● **Entries provided**:
Start of Block

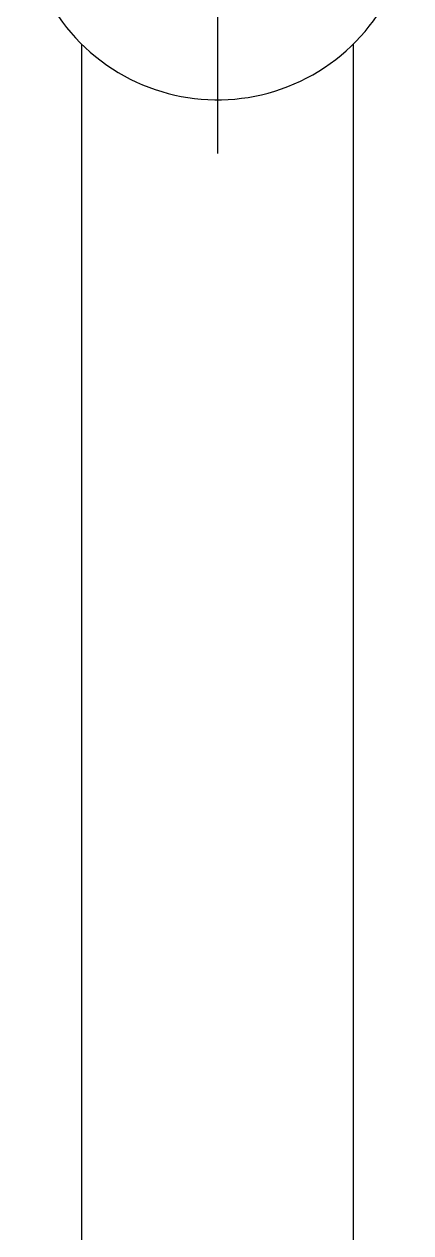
# Model space of a CAD drawing. Header units: millimetres. Extents: x 976 to 9349, y -714 to 2211.
# Drawn here: x 2931.41 to 2934.54, y 1381.57 to 1391.37 of the extents above; entities that cross this region are included whole.
import ezdxf

# ---------------------------------------------------------------- set-up
doc = ezdxf.new("R2010")
doc.units = ezdxf.units.MM
doc.layers.add('Wbudowane', color=175, linetype='Continuous')

# ---------------------------------------------------------------- blocks, each defined once
blk = doc.blocks.new('Z$W@#21058')
for p, q in [((14.925, 162.2678), (14.925, 158.2678)), ((13.825, 159.1545), (13.825, 122.1386)), ((13.825, 159.1545), (13.825, 122.2446)), ((16.025, 142.9806), (16.025, 159.1545))]:
    blk.add_line(p, q)
blk.add_arc((14.925, 160.2678), 1.565, 166.38404, 0)

msp = doc.modelspace()

# ---------------------------------------------------------------- block references
at = {"layer": 'Wbudowane'}
msp.add_blockref('Z$W@#21058', (2918.0473, 1232.0506), dxfattribs=at)

doc.saveas('drawing.dxf')

End of Block

● **Assignment**:
Using only the data above, copy out the lines that include the word "units".

● **Written solution**:
# Model space of a CAD drawing. Header units: millimetres. Extents: x 976 to 9349, y -714 to 2211.
doc.units = ezdxf.units.MM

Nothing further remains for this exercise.